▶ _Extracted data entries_
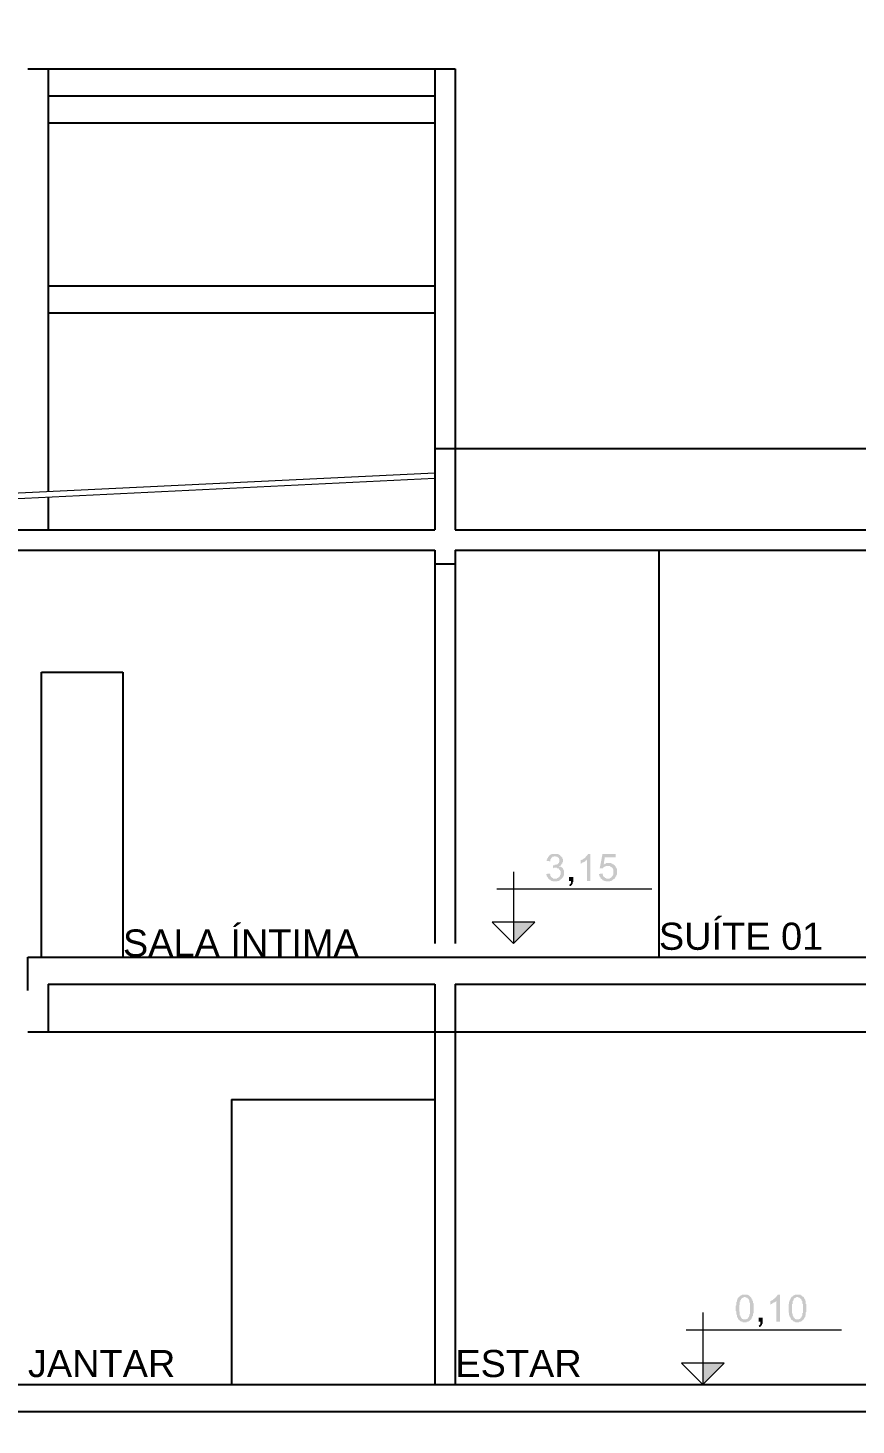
# Model space of a CAD drawing. Header units: millimetres. Extents: x 501.7 to 522.3, y 459.6 to 471.4.
# Drawn here: x 511.4 to 517.51, y 461.05 to 471.35 of the extents above; entities that cross this region are included whole.
import ezdxf

# ---------------------------------------------------------------- set-up
doc = ezdxf.new("R2010")
doc.units = ezdxf.units.MM
doc.linetypes.add('HIDDEN', pattern=[9.525, 6.35, -3.175])
for name, color, linetype in [('ARQ_ALV CT', 5, 'Continuous'), ('ARQ_ALV VS', 2, 'Continuous'), ('ARQ_CONC CT', 6, 'Continuous'), ('ARQ_CONC VS', 2, 'Continuous'), ('ARQ_CORTE', 6, 'Continuous'), ('ARQ_ESQ VS', 2, 'Continuous'), ('ARQ_PROJ INF', 1, 'HIDDEN'), ('ARQ_TXT 01', 1, 'Continuous'), ('PDF3_SIMB_01', 7, 'Continuous'), ('PDF3_SIMB_TXT', 7, 'Continuous')]:
    doc.layers.add(name, color=color, linetype=linetype)
doc.layers.add('ARQ_COTA_AZUL', color=5, linetype='Continuous', lineweight=20, true_color=0x0000ff)
doc.layers.add('ARQ_TELHADO CT', color=2, linetype='Continuous', lineweight=20)
doc.layers.add('PDF3_SIMB_PREENCHIMENTO', color=7, linetype='Continuous', true_color=0xbababa)
doc.styles.add('Annot_2.0mm', font='arial.ttf', dxfattribs={"height": 2})
doc.styles.add('cota', font='arial.ttf')
doc.dimstyles.new('Info 01 - annot', dxfattribs={"dimtxt": 2, "dimasz": 3, "dimexe": 1, "dimexo": 1, "dimgap": 1, "dimtad": 1, "dimzin": 4, "dimtxsty": 'cota', "dimblk": 'DOTSMALL', "dimcen": 2, "dimdle": 1, "dimclrd": 256, "dimclre": 256, "dimclrt": 1, "dimazin": 2, "dimtfac": 0.09, "dimtix": 1, "dimtmove": 2, "dimatfit": 2, "dimfxl": 5, "dimfxlon": 1, "dimtolj": 1, "dimtzin": 4, "dimlwd": -1, "dimarcsym": 1})

# ---------------------------------------------------------------- blocks, each defined once
blk = doc.blocks.new('_DotSmall')
at = {"color": 0, "linetype": 'ByBlock', "const_width": 0.5}
blk.add_lwpolyline([(-0.0625, 0, 1), (0.0625, 0, 1)], format="xyb", close=True, dxfattribs=at)
blk = doc.blocks.new('*D30')
at = {"layer": 'ARQ_COTA_AZUL', "transparency": 16777216}
blk.add_line((520.292, 468.153), (520.292, 469.353), dxfattribs=at)
at = {"layer": 'ARQ_COTA_AZUL', "lineweight": -2, "transparency": 16777216}
for p, q in [((519.792, 469.253), (520.392, 469.253)), ((519.792, 468.253), (520.392, 468.253))]:
    blk.add_line(p, q, dxfattribs=at)
at = {"layer": 'ARQ_COTA_AZUL', "transparency": 16777216, "xscale": 0.3, "yscale": 0.3, "zscale": 0.3}
for p, rotation in [((520.292, 469.253), 90), ((520.292, 468.253), 270)]:
    blk.add_blockref('_DotSmall', p, dxfattribs=dict(at, rotation=rotation))
at = {"layer": 'ARQ_COTA_AZUL', "color": 1, "transparency": 16777216, "insert": (520.072, 468.753), "char_height": 0.2, "attachment_point": 5, "rotation": 90, "style": 'cota'}
blk.add_mtext('\\A1;1,00', dxfattribs=at)
blk = doc.blocks.new('*D31')
at = {"layer": 'ARQ_COTA_AZUL', "transparency": 16777216}
for p, q in [((520.292, 469.435), (520.292, 469.735)), ((520.292, 469.235), (520.292, 469.435)), ((520.292, 469.235), (520.292, 468.935))]:
    blk.add_line(p, q, dxfattribs=at)
at = {"layer": 'ARQ_COTA_AZUL', "lineweight": -2, "transparency": 16777216}
for p, q in [((519.792, 469.435), (520.392, 469.435)), ((519.792, 469.235), (520.392, 469.235))]:
    blk.add_line(p, q, dxfattribs=at)
at = {"layer": 'ARQ_COTA_AZUL', "transparency": 16777216, "xscale": 0.3, "yscale": 0.3, "zscale": 0.3}
for p, rotation in [((520.292, 469.435), 270), ((520.292, 469.235), 90)]:
    blk.add_blockref('_DotSmall', p, dxfattribs=dict(at, rotation=rotation))
at = {"layer": 'ARQ_COTA_AZUL', "color": 1, "transparency": 16777216, "insert": (520.072, 469.335), "char_height": 0.2, "attachment_point": 5, "rotation": 90, "style": 'cota'}
blk.add_mtext('\\A1;,20', dxfattribs=at)
blk = doc.blocks.new('*D32')
at = {"layer": 'ARQ_COTA_AZUL', "transparency": 16777216}
blk.add_line((520.292, 469.353), (520.292, 470.753), dxfattribs=at)
at = {"layer": 'ARQ_COTA_AZUL', "lineweight": -2, "transparency": 16777216}
for p, q in [((519.792, 470.653), (520.392, 470.653)), ((519.792, 469.453), (520.392, 469.453))]:
    blk.add_line(p, q, dxfattribs=at)
at = {"layer": 'ARQ_COTA_AZUL', "transparency": 16777216, "xscale": 0.3, "yscale": 0.3, "zscale": 0.3}
for p, rotation in [((520.292, 470.653), 90), ((520.292, 469.453), 270)]:
    blk.add_blockref('_DotSmall', p, dxfattribs=dict(at, rotation=rotation))
at = {"layer": 'ARQ_COTA_AZUL', "color": 1, "transparency": 16777216, "insert": (520.072, 470.053), "char_height": 0.2, "attachment_point": 5, "rotation": 90, "style": 'cota'}
blk.add_mtext('\\A1;1,20', dxfattribs=at)
blk = doc.blocks.new('*D33')
at = {"layer": 'ARQ_COTA_AZUL', "transparency": 16777216}
for p, q in [((520.292, 470.853), (520.292, 471.153)), ((520.292, 470.653), (520.292, 470.853)), ((520.292, 470.653), (520.292, 470.353))]:
    blk.add_line(p, q, dxfattribs=at)
at = {"layer": 'ARQ_COTA_AZUL', "lineweight": -2, "transparency": 16777216}
for p, q in [((519.792, 470.853), (520.392, 470.853)), ((519.792, 470.653), (520.392, 470.653))]:
    blk.add_line(p, q, dxfattribs=at)
at = {"layer": 'ARQ_COTA_AZUL', "transparency": 16777216, "xscale": 0.3, "yscale": 0.3, "zscale": 0.3}
for p, rotation in [((520.292, 470.853), 270), ((520.292, 470.653), 90)]:
    blk.add_blockref('_DotSmall', p, dxfattribs=dict(at, rotation=rotation))
at = {"layer": 'ARQ_COTA_AZUL', "color": 1, "transparency": 16777216, "insert": (520.072, 470.753), "char_height": 0.2, "attachment_point": 5, "rotation": 90, "style": 'cota'}
blk.add_mtext('\\A1;,20', dxfattribs=at)
blk = doc.blocks.new('*D34')
at = {"layer": 'ARQ_COTA_AZUL', "transparency": 16777216}
for p, q in [((520.292, 471.053), (520.292, 471.353)), ((520.292, 470.853), (520.292, 471.053)), ((520.292, 470.853), (520.292, 470.553))]:
    blk.add_line(p, q, dxfattribs=at)
at = {"layer": 'ARQ_COTA_AZUL', "lineweight": -2, "transparency": 16777216}
for p, q in [((519.792, 471.053), (520.392, 471.053)), ((519.792, 470.853), (520.392, 470.853))]:
    blk.add_line(p, q, dxfattribs=at)
at = {"layer": 'ARQ_COTA_AZUL', "transparency": 16777216, "xscale": 0.3, "yscale": 0.3, "zscale": 0.3}
for p, rotation in [((520.292, 471.053), 270), ((520.292, 470.853), 90)]:
    blk.add_blockref('_DotSmall', p, dxfattribs=dict(at, rotation=rotation))
at = {"layer": 'ARQ_COTA_AZUL', "color": 1, "transparency": 16777216, "insert": (520.072, 470.953), "char_height": 0.2, "attachment_point": 5, "rotation": 90, "style": 'cota'}
blk.add_mtext('\\A1;,20', dxfattribs=at)
blk = doc.blocks.new('*D38')
at = {"layer": 'ARQ_COTA_AZUL', "transparency": 16777216}
blk.add_line((521.269, 468.153), (521.269, 471.153), dxfattribs=at)
at = {"layer": 'ARQ_COTA_AZUL', "lineweight": -2, "transparency": 16777216}
for p, q in [((520.769, 471.053), (521.369, 471.053)), ((520.769, 468.253), (521.369, 468.253))]:
    blk.add_line(p, q, dxfattribs=at)
at = {"layer": 'ARQ_COTA_AZUL', "transparency": 16777216, "xscale": 0.3, "yscale": 0.3, "zscale": 0.3}
for p, rotation in [((521.269, 471.053), 90), ((521.269, 468.253), 270)]:
    blk.add_blockref('_DotSmall', p, dxfattribs=dict(at, rotation=rotation))
at = {"layer": 'ARQ_COTA_AZUL', "color": 1, "transparency": 16777216, "insert": (521.049, 469.653), "char_height": 0.2, "attachment_point": 5, "rotation": 90, "style": 'cota'}
blk.add_mtext('\\A1;2,80', dxfattribs=at)
blk = doc.blocks.new('*D39')
at = {"layer": 'ARQ_COTA_AZUL', "transparency": 16777216}
blk.add_line((522.156, 461.053), (522.156, 471.153), dxfattribs=at)
at = {"layer": 'ARQ_COTA_AZUL', "lineweight": -2, "transparency": 16777216}
for p, q in [((521.656, 471.053), (522.256, 471.053)), ((521.656, 461.153), (522.256, 461.153))]:
    blk.add_line(p, q, dxfattribs=at)
at = {"layer": 'ARQ_COTA_AZUL', "transparency": 16777216, "xscale": 0.3, "yscale": 0.3, "zscale": 0.3}
for p, rotation in [((522.156, 471.053), 90), ((522.156, 461.153), 270)]:
    blk.add_blockref('_DotSmall', p, dxfattribs=dict(at, rotation=rotation))
at = {"layer": 'ARQ_COTA_AZUL', "color": 1, "transparency": 16777216, "insert": (521.936, 466.103), "char_height": 0.2, "attachment_point": 5, "rotation": 90, "style": 'cota'}
blk.add_mtext('\\A1;9,90', dxfattribs=at)

msp = doc.modelspace()

# ---------------------------------------------------------------- hatches: boundary and pattern name
at = {"layer": 'PDF3_SIMB_TXT', "transparency": 33554559}
for points in [[(515.222, 465.116), (515.247, 465.12), (515.247, 465.116), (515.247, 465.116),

▶ _Assignment_
Of all the entries above, repeat only the lines from the line that has "blk.add_mtext('\\A1;2,80', dxfattribs=at)" to the line that has "msp = doc.modelspace()", both lines included, exactly.

▶ _Response to the task_
blk.add_mtext('\\A1;2,80', dxfattribs=at)
blk = doc.blocks.new('*D39')
at = {"layer": 'ARQ_COTA_AZUL', "transparency": 16777216}
blk.add_line((522.156, 461.053), (522.156, 471.153), dxfattribs=at)
at = {"layer": 'ARQ_COTA_AZUL', "lineweight": -2, "transparency": 16777216}
for p, q in [((521.656, 471.053), (522.256, 471.053)), ((521.656, 461.153), (522.256, 461.153))]:
    blk.add_line(p, q, dxfattribs=at)
at = {"layer": 'ARQ_COTA_AZUL', "transparency": 16777216, "xscale": 0.3, "yscale": 0.3, "zscale": 0.3}
for p, rotation in [((522.156, 471.053), 90), ((522.156, 461.153), 270)]:
    blk.add_blockref('_DotSmall', p, dxfattribs=dict(at, rotation=rotation))
at = {"layer": 'ARQ_COTA_AZUL', "color": 1, "transparency": 16777216, "insert": (521.936, 466.103), "char_height": 0.2, "attachment_point": 5, "rotation": 90, "style": 'cota'}
blk.add_mtext('\\A1;9,90', dxfattribs=at)

msp = doc.modelspace()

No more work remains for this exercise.